Washington Augustus Roebling, the bridge’s chief engineer, stayed longer in the caissons to boost morale among workers, only to suffer problems himself. Over four months he trained his wife, Emily Warren Roebling, on the bridge’s details. (She became an exceptional engineer, and for the next 11 years directed construction of the bridge, which opened in 1883, while her husband was confined to a sick room, still retaining the “chief engineer” title.) Elevators were installed to replace spiral staircases to bring workers from the depths, but that exacerbated the calamity. It was later uncovered that the “caisson’s disease” was decompression sickness—the “bends”—resulting from significant pressure alterations due to altitude shifts. As the industrial practice improved, so did the enterprise accountability, hand-in-hand. Today, it is impossible to even imagine a modern bridge project that didn’t have a decompression chamber supplied by the builders.
Holding models accountable
Failures in engineering systems are judged unforgivingly, and rightly so. Yet similarly consequential planning models are rarely held accountable. One can build a device as a do-it-yourself hobby project, but during a health crisis if that device is claimed to be a “ventilator” for clinical use, then a very different set of expectations, responsibilities, and rules set in. The same sensibility should apply to models: we need to separate the drive-through concessions of research exploration from the practical consequences of public health.

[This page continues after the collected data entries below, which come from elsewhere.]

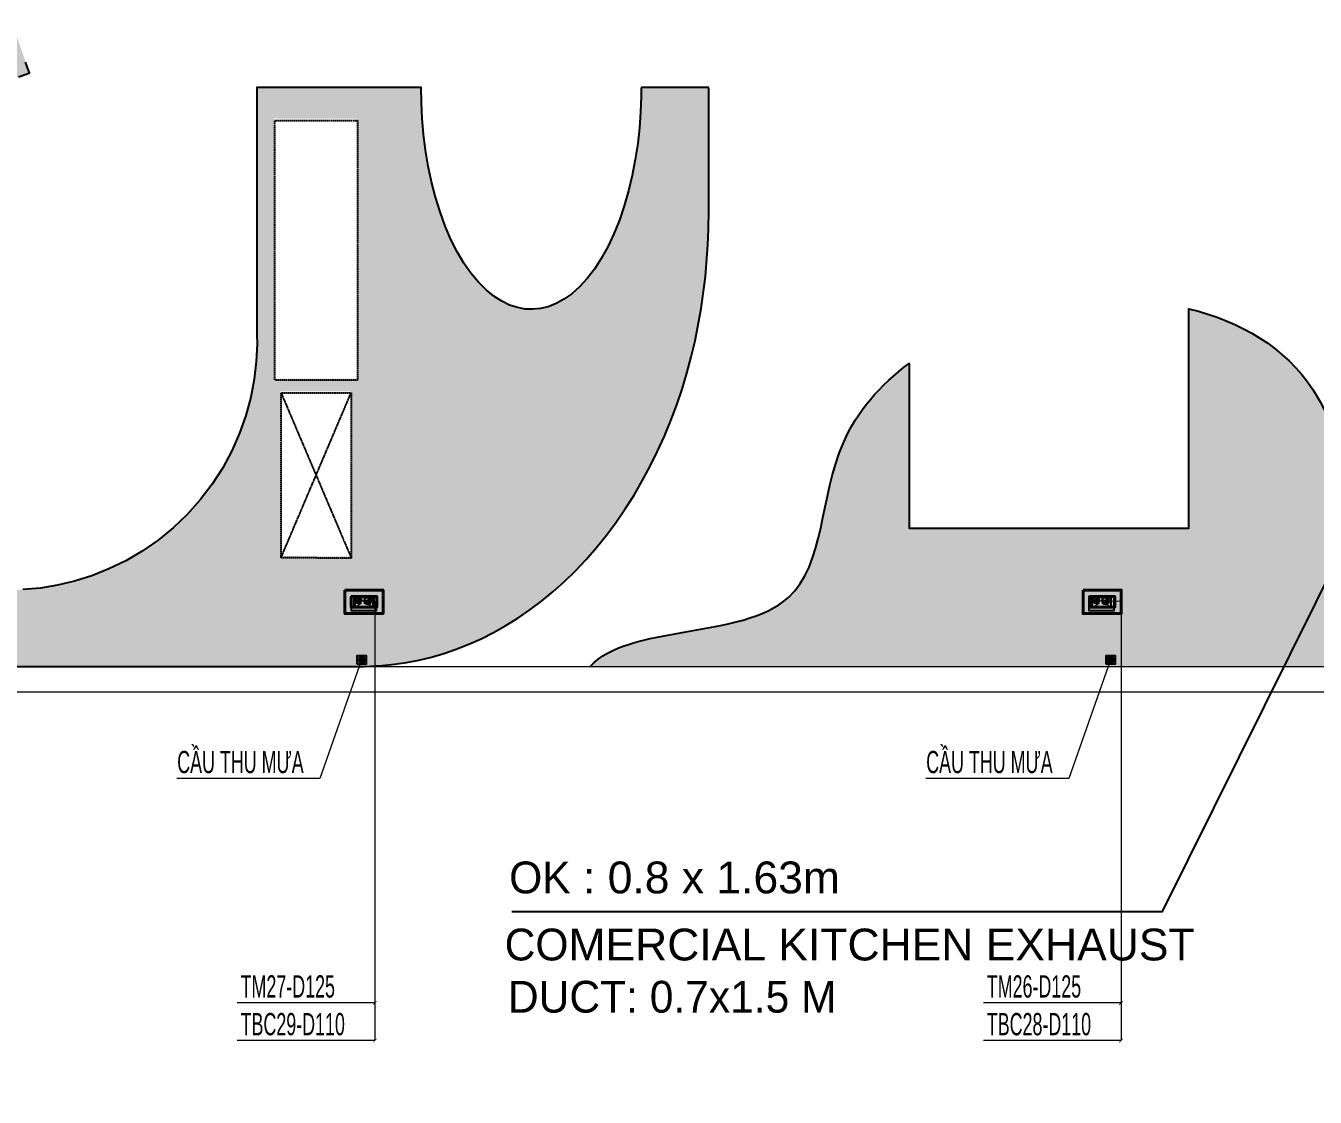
# Model space of a CAD drawing. Header units: millimetres. Extents: x -361340115 to 361596335, y -276742102 to 277032639.
# Drawn here: x 130696 to 150962, y 10792 to 27635 of the extents above; entities that cross this region are included whole.
import ezdxf
from ezdxf.lldxf.tags import DXFTag

# ---------------------------------------------------------------- set-up
doc = ezdxf.new("R2010")
doc.units = ezdxf.units.MM
doc.header["$MEASUREMENT"] = 0
doc.linetypes.add('DASHED', pattern=[4.5, 3, -1.5])
doc.linetypes.add('HIDDEN', pattern=[0.375, 0.25, -0.125])
for name, color, linetype in [('A-FLOR-OVHD', 40, 'DASHED'), ('A-LANDSCAPE', 83, 'Continuous'), ('Hydraulic - Thep V', 9, 'Continuous'), ('NDT text', 231, 'Continuous'), ('NDT Thiet bi', 40, 'Continuous'), ('ống thông hơi', 31, 'TH')]:
    doc.layers.add(name, color=color, linetype=linetype)
doc.layers.add('A-REVCLOUD', color=7, linetype='Continuous', true_color=0xfa291e)
for name, color, linetype, lineweight in [('AUDIT_I_220808132811-11', 7, 'Continuous', 9), ('KT-Kich thuoc', 159, 'Continuous', 18), ('KT-lomo nuoc', 3, 'HIDDEN', 5), ('KT-Net cat', 1, 'Continuous', 40), ('Text _H2H', 7, 'Continuous', 18)]:
    doc.layers.add(name, color=color, linetype=linetype, lineweight=lineweight)
doc.layers.add('MEP', color=130, linetype='Continuous', plot=False)
doc.styles.add('HBA-Text', font='GOTHIC.TTF')
doc.styles.get("Standard").update_dxf_attribs({"font": 'arial.ttf'})
doc.styles.add('TEXTKT', font='hoatbif.shx', dxfattribs={"width": 0.8})
doc.styles.add('uv-abc', font='uv-abc.shx', dxfattribs={"width": 0.85, "height": 150})
tags = doc.linetypes.add('TH', pattern='A,1143.876301,["TH",Standard,S=466.984787,R=0,X=0,Y=-199.758304],53.15110300000001,-896.6384539999999,1197.027404', length=3290.693262).pattern_tags.tags
tags[4] = DXFTag(74, 10)
doc.dimstyles.new('1-40', dxfattribs={"dimscale": 40, "dimtxt": 5, "dimasz": 1.399999999999999, "dimexe": 1.399999999999999, "dimexo": 0.5, "dimgap": 0.5, "dimtad": 1, "dimdec": 0, "dimzin": 0, "dimdsep": 46, "dimtxsty": 'TEXTKT', "dimblk": 'ARCHTICK', "dimcen": 1.199999999999999, "dimdle": 1.199999999999999, "dimclrd": 7, "dimclre": 7, "dimclrt": 7, "dimadec": 0, "dimazin": 0, "dimtfac": 0.04, "dimtdec": 0, "dimtix": 1, "dimtmove": 2, "dimatfit": 3, "dimfxl": 1, "dimtolj": 2, "dimtzin": 0, "dimlwd": 5, "dimlwe": 5, "dimarcsym": 0})

# ---------------------------------------------------------------- blocks, each defined once
blk = doc.blocks.new('*U119')
at = {"layer": 'KT-lomo nuoc', "ltscale": 500}
for p, q in [((294.5899368590384, 56.70727108597131), (32.13938861171003, -166.9435946057955)), ((326.7293254707483, -110.2270264674847), (-6.776263578034403e-21, -0.009297052340116354))]:
    blk.add_line(p, q, dxfattribs=at)
blk.add_lwpolyline([(294.5899368590384, 56.70727108597131), (326.7293254707483, -110.2270264674847), (32.13938861171003, -166.9435946057955), (-6.776263578034403e-21, -0.009297052340116354)], close=True, dxfattribs=at)
blk = doc.blocks.new('A$C0DB07F86')
at = {"layer": 'KT-Net cat'}
for points, elevation in [([(-41900.28382470793, -19400.00003165046), (-41300.28382470793, -19400.00003165046), (-41300.28382470793, -19770.00004398571), (-41900.28382470793, -19770.00004398571)], -1.212562709321235e-07), ([(-30300.28382470793, -19399.81979842464), (-29700.28382470793, -19399.81979842464), (-29700.28382470793, -19769.81981075989), (-30300.28382470793, -19769.81981075989)], -1.213216051028447e-07), ([(-41800.28382470793, -19500.00003781827), (-41400.28382470793, -19500.00003165047), (-41400.28382470793, -19670.00004398571), (-41800.28382470793, -19670.00005015351)], -1.212562709321235e-07), ([(-41750.56636811577, -19500.00003165047), (-41450.56636811577, -19500.00003165047), (-41450.56636811577, -19670.00004398571), (-41750.56636811577, -19670.00004398571)], -1.213167030345148e-07), ([(-30200.28382470793, -19499.81980459245), (-29800.28382470793, -19499.81979842465), (-29800.28382470793, -19669.81981075989), (-30200.28382470793, -19669.81981692769)], -1.213216051028447e-07)]:
    blk.add_lwpolyline(points, close=True, dxfattribs=dict(at, elevation=elevation))
at = {"layer": 'KT-lomo nuoc', "linetype": 'HIDDEN', "xscale": -0.9999999999999997, "rotation": 10.8976534755902}
for p in [(-41450.56812577212, -19499.99091459217, -1.682297209464324e-07), (-41450.56812577212, -19499.99091459217, -1.778637082253114e-07), (-29850.56812577212, -19499.81068136635, -1.779290423960327e-07)]:
    blk.add_blockref('*U119', p, dxfattribs=at)
blk = doc.blocks.new('skylight+openings')
at = {"layer": 'A-FLOR-OVHD', "color": 4, "elevation": 0.2993982348950875}
blk.add_lwpolyline([(52922.83680824759, -8371.500883431843), (54149.93477890787, -8795.154161882296), (52816.54980309687, -12657.26046709267), (51589.45183243659, -12233.60718864221)], close=True, dxfattribs=at)
at = {"layer": 'A-FLOR-OVHD', "elevation": -5.594545680288795}
for points in [[(51617.07229400969, -12454.15926250067), (52656.68613201207, -12813.6042664639), (51812.642328042, -15270.20731283632), (50770.22440359234, -14903.47633778453), (51617.07229400943, -12454.15926250137)], [(51617.07229400969, -12454.15926250067), (51812.642328042, -15270.20731283632)], [(50770.22440359234, -14903.47633778453), (52656.68613201207, -12813.60426646387)]]:
    blk.add_lwpolyline(points, dxfattribs=at)
blk = doc.blocks.new('A$C3d8987ab')
at = {"layer": 'A-REVCLOUD', "color": 6, "elevation": -0.07535271230544738}
blk.add_lwpolyline([(60998.61021501233, -114223.7334319378), (71228.07469098864, -114223.7334319378), (77262.42446433811, -102070.6902240769)], dxfattribs=at)
at = {"layer": 'A-REVCLOUD', "color": 210, "char_height": 500, "attachment_point": 1, "style": 'HBA-Text'}
for s, insert in [('OK{\\fArial|b0|i0|c0|p34; : 0.8 x 1.63m}', (60959.24456612987, -113439.1090779143, -0.07585118882347763)), ('CO{\\fArial|b0|i0|c0|p34;MERCIAL KITCHEN EXHAUS}T', (60888.06206422381, -114493.6326287639, 1.02188859663864e-08)), ('DUCT: 0.7x1.5 M', (60939.61567549256, -115314.6116753324, -1.793279962223473e-09))]:
    blk.add_mtext_dynamic_manual_height_columns(s, width=15318.4553641323, gutter_width=6.25, heights=[0], dxfattribs=dict(at, insert=insert))
blk = doc.blocks.new('BA')
at = {"layer": 'NDT Thiet bi'}
for p, q in [((-23605.98111672918, -408374.399627113), (-23661.01879083555, -408374.399627113)), ((-23605.98111672828, -408374.399627113), (-23659.14342756742, -408360.1548288561)), ((-23605.98111672828, -408374.3996271128), (-23659.14342756742, -408388.6444253699)), ((-23605.98111672828, -408374.3996271131), (-23653.64514067044, -408346.8807900597)), ((-23605.98111672828, -408374.3996271128), (-23653.64514067044, -408401.9184641663)), ((-23644.89862931061, -408335.4821145312), (-23605.98111672828, -408374.3996271131)), ((-23644.89862931061, -408413.3171396947), (-23605.98111672828, -408374.3996271127)), ((-23605.98111672918, -408374.3996271134), (-23633.49995378257, -408326.7356031715)), ((-23605.98111672918, -408374.3996271128), (-23633.49995378257, -408422.0636510544)), ((-23605.98111672918, -408374.3996271128), (-23620.22591498598, -408321.2373162746)), ((-23605.98111672918, -408374.3996271137), (-23620.22591498598, -408427.5619379514)), ((-23605.98111672918, -408391.0670704846), (-23605.98111672918, -408319.3619530063)), ((-23605.98111672918, -408374.3996271128), (-23591.73631847188, -408321.2373162746)), ((-23605.98111672918, -408374.3996271119), (-23578.4622796753, -408326.7356031715)), ((-23567.06360414774, -408335.4821145312), (-23605.98111672828, -408374.3996271131)), ((-23605.98111672828, -408374.3996271128), (-23558.31709278741, -408346.8807900597)), ((-23605.98111672828, -408374.3996271131), (-23552.81880589044, -408360.1548288561)), ((-23605.98111672918, -408374.399627113), (-23550.94344262231, -408374.399627113)), ((-23605.98111672918, -408374.3996271139), (-23578.4622796753, -408422.0636510544)), ((-23605.98111672828, -408374.3996271128), (-23552.81880589044, -408388.6444253699)), ((-23605.98111672828, -408374.3996271128), (-23558.31709278741, -408401.9184641663)), ((-23567.06360414774, -408413.3171396947), (-23605.98111672828, -408374.3996271128)), ((-23605.98111672918, -408374.3996271137), (-23591.73631847188, -408427.5619379514)), ((-23605.98111672918, -408391.0670704846), (-23605.98111672918, -408429.4373012196)), ((-23589.31367335698, -408374.399627113), (-23550.94344262231, -408374.399627113))]:
    blk.add_line(p, q, dxfattribs=at)
blk.add_lwpolyline([(-23679.58266610136, -408448.0011764859), (-23532.37956735559, -408448.0011764859), (-23532.37956735559, -408300.7980777401), (-23679.58266610136, -408300.7980777401)], close=True, dxfattribs=at)
blk.add_circle((-23605.98111672918, -408374.399627113), 55.0376741066807, dxfattribs=at)
blk = doc.blocks.new('_ARCHTICK')
at = {"color": 0, "linetype": 'ByBlock', "const_width": 0.15}
blk.add_lwpolyline([(-0.5, -0.5), (0.5, 0.5)], dxfattribs=at)
blk = doc.blocks.new('*U352')
h = blk.add_hatch(color=256)
edge = h.paths.add_edge_path()
edge.add_spline(control_points=[(-55.00000000003494, -1.270405297714567e-10), (-38.89392320345256, -12.34706986960887), (-7.630460178462228, -36.31392469389525), (4.22205666304286, 39.05594180934806), (37.26972548867967, 13.64312675595557), (54.99999926477517, 0.008992973199051376)], knot_values=[0, 0, 0, 0, 58.13245871371956, 112.8407630572771, 176.1670112371614, 176.1670112371614, 176.1670112371614, 176.1670112371614], degree=3, periodic=0)
edge.add_ellipse((0, -1.270405297714567e-10), major_axis=(-38.89087296527187, 38.8908729652719), ratio=0.999999999999121, start_angle=225.0093683530902, end_angle=314.9999999999748)
edge.add_ellipse((0, -1.270405297714567e-10), major_axis=(-38.89087296529244, 38.89087296529242), ratio=0.9999999999983387, start_angle=314.9999999999524, end_angle=405.0000000000476)
blk.add_circle((0, 0), 55)
blk.add_open_spline([(54.99999926477517, 0.0089929733006838), (37.26972548867967, 13.64312675610802), (4.22205666304286, 39.05594180947509), (-7.630460178462228, -36.31392469379362), (-38.89392320345256, -12.34706986950724), (-55.00000000003494, 0)], degree=3, knots=[0, 0, 0, 0, 63.32624817988433, 118.0345525234419, 176.1670112371614, 176.1670112371614, 176.1670112371614, 176.1670112371614])
at = {"layer": 'Hydraulic - Thep V', "color": 2}
for p, q in [((-66.52448746664727, -58.79540605591585), (-65.99233831110391, -58.48816959770873)), ((-66.52448746664727, -61.97181987784545), (-65.99233831110391, -62.27905633600177)), ((-64.13178654222932, -61.91097613195864), (-64.13178654222932, -58.85624980233634)), ((-59.14008422236178, -61.91097613195864), (-59.14008422236178, -58.85624980233634)), ((-56.7473832979184, -58.79540605591585), (-57.27953245315688, -58.48816959770873)), ((-56.7473832979184, -61.97181987784545), (-57.27953245315688, -62.27905633600177)), ((56.65552180308031, -58.79540605591585), (57.18767095862368, -58.48816959770873)), ((56.65552180308031, -61.97181987784545), (57.18767095862368, -62.27905633600177)), ((59.04822272752369, -61.91097613195864), (59.04822272752369, -58.85624980233634)), ((64.03992504739122, -61.91097613195864), (64.03992504739122, -58.85624980233634)), ((66.43262597180919, -58.79540605591585), (65.90047681659613, -58.48816959770873)), ((66.43262597180919, -61.97181987784545), (65.90047681659613, -62.27905633600177))]:
    blk.add_line(p, q, dxfattribs=at)
at = {"layer": 'Hydraulic - Thep V', "const_width": 6.717857058566906}
blk.add_lwpolyline([(61.54407388700011, -78.9903091769549), (61.54407388700011, 3.458788986197603, 0.4057402817877601), (-0.04593074791450312, 63.19789822851791, 0.4057402817873901), (-61.63593538275289, 3.4587889855624), (-61.63593538275289, -78.9903091769549)], format="xyb", dxfattribs=at)
at = {"layer": 'Hydraulic - Thep V', "color": 2}
for points in [[(-56.14912562955353, -57.4905678248802), (-56.14912562955353, -58.48816959770873), (-67.12274513473267, -58.48816959770873), (-67.12274513473267, -57.4905678248802)], [(67.03088364019946, -57.4905678248802), (67.03088364019946, -58.48816959770873), (56.05726413507116, -58.48816959770873), (56.05726413507116, -57.4905678248802)]]:
    blk.add_lwpolyline(points, close=True, dxfattribs=at)
for points in [[(-66.62394424829299, -58.85624980233634), (-66.62394424829299, -61.91097613195864)], [(-57.27953245315688, -58.48816959770873), (-65.99233831110391, -58.48816959770873)], [(-57.27953245315688, -62.27905633600177), (-65.99233831110391, -62.27905633600177)], [(-65.99233831110391, -62.27905633600177), (-57.27953245315688, -62.27905633600177)], [(-56.64792651624729, -61.91097613195864), (-56.64792651624729, -58.85624980233634)], [(56.5560650214092, -58.85624980233634), (56.5560650214092, -61.91097613195864)], [(65.90047681659613, -58.48816959770873), (57.18767095862368, -58.48816959770873)], [(65.90047681659613, -62.27905633600177), (57.18767095862368, -62.27905633600177)], [(57.18767095862368, -62.27905633600177), (65.90047681659613, -62.27905633600177)], [(66.5320827534549, -61.91097613195864), (66.5320827534549, -58.85624980233634)]]:
    blk.add_lwpolyline(points, dxfattribs=at)
for centre, radius, start, end in [((-65.3778653951214, -60.78141374086201), 2.293244142686893, 57.08669084638375, 122.9133091536163), ((-65.3778653951214, -59.9858121935091), 2.293244142686893, 237.0866908463837, 302.9133091536162), ((-61.6359353821431, -67.13405163220902), 8.645882034375607, 73.2213451221314, 106.7786548778686), ((-61.6359353821431, -53.63317430147607), 8.645882034375607, 253.2213451221314, 286.7786548778686), ((-57.89400536913938, -60.78141374086201), 2.293244142686893, 57.08669084638375, 122.9133091536163), ((-57.89400536913938, -59.9858121935091), 2.293244142686893, 237.0866908463837, 302.9133091536162), ((57.8021438746316, -60.78141374086201), 2.293244142686893, 57.08669084638375, 122.9133091536163), ((57.8021438746316, -59.9858121935091), 2.293244142686893, 237.0866908463837, 302.9133091536162), ((61.54407388763531, -67.13405163220902), 8.645882034375607, 73.2213451221314, 106.7786548778686), ((61.54407388763531, -53.63317430147607), 8.645882034375607, 253.2213451221314, 286.7786548778686), ((65.28600390058821, -60.78141374086201), 2.293244142686893, 57.08669084638375, 122.9133091536163), ((65.28600390058821, -59.9858121935091), 2.293244142686893, 237.0866908463837, 302.9133091536162)]:
    blk.add_arc(centre, radius, start, end, dxfattribs=at)
blk = doc.blocks.new('*U353')
h = blk.add_hatch(color=256)
edge = h.paths.add_edge_path()
edge.add_spline(control_points=[(-55.00000000003494, -1.270405297714567e-10), (-38.89392320345256, -12.34706986960887), (-7.630460178462228, -36.31392469389525), (4.22205666304286, 39.05594180934806), (37.26972548867967, 13.64312675595557), (54.99999926477517, 0.008992973199051376)], knot_values=[0, 0, 0, 0, 58.13245871371956, 112.8407630572771, 176.1670112371614, 176.1670112371614, 176.1670112371614, 176.1670112371614], degree=3, periodic=0)
edge.add_ellipse((0, -1.270405297714567e-10), major_axis=(-38.89087296527187, 38.8908729652719), ratio=0.999999999999121, start_angle=225.0093683530902, end_angle=314.9999999999748)
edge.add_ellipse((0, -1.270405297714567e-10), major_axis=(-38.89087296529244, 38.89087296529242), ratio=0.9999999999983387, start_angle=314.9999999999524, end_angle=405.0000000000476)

An old saw holds that the best parachute packers are those who jump. Expertise, no matter how rigorous and rational, can lead to false confidence when accountability is lacking. Modelers—myself included—feel comfortable talking about how models are incomplete and uncertain abstractions of the real world. But just as with exit row seating, that comfort should come at the price of a key responsibility: being accountable for not just applying rigor but transparently communicating to the public the assumptions and limitations that undergird even the best of models and intentions.
Practical accountability drives practical standards, as can be seen with improved and reliable construction models. Each of the three forms of accountability—effects, explanation, and enterprise—can strengthen models and approaches for modeling. This is critical, as lives and livelihoods depend on them. During COVID-19, as more people prefer contactless delivery and payments, we must remember that we pay a hefty price if the models are contactless with reality. These are times when bats can turn our world upside down, models are clashing with slogans, and lives in the multiples of 9/11 have been lost. Even small accountabilities will help—and may well foster better appreciation of, and support for, models that inform public policy in uncertain times.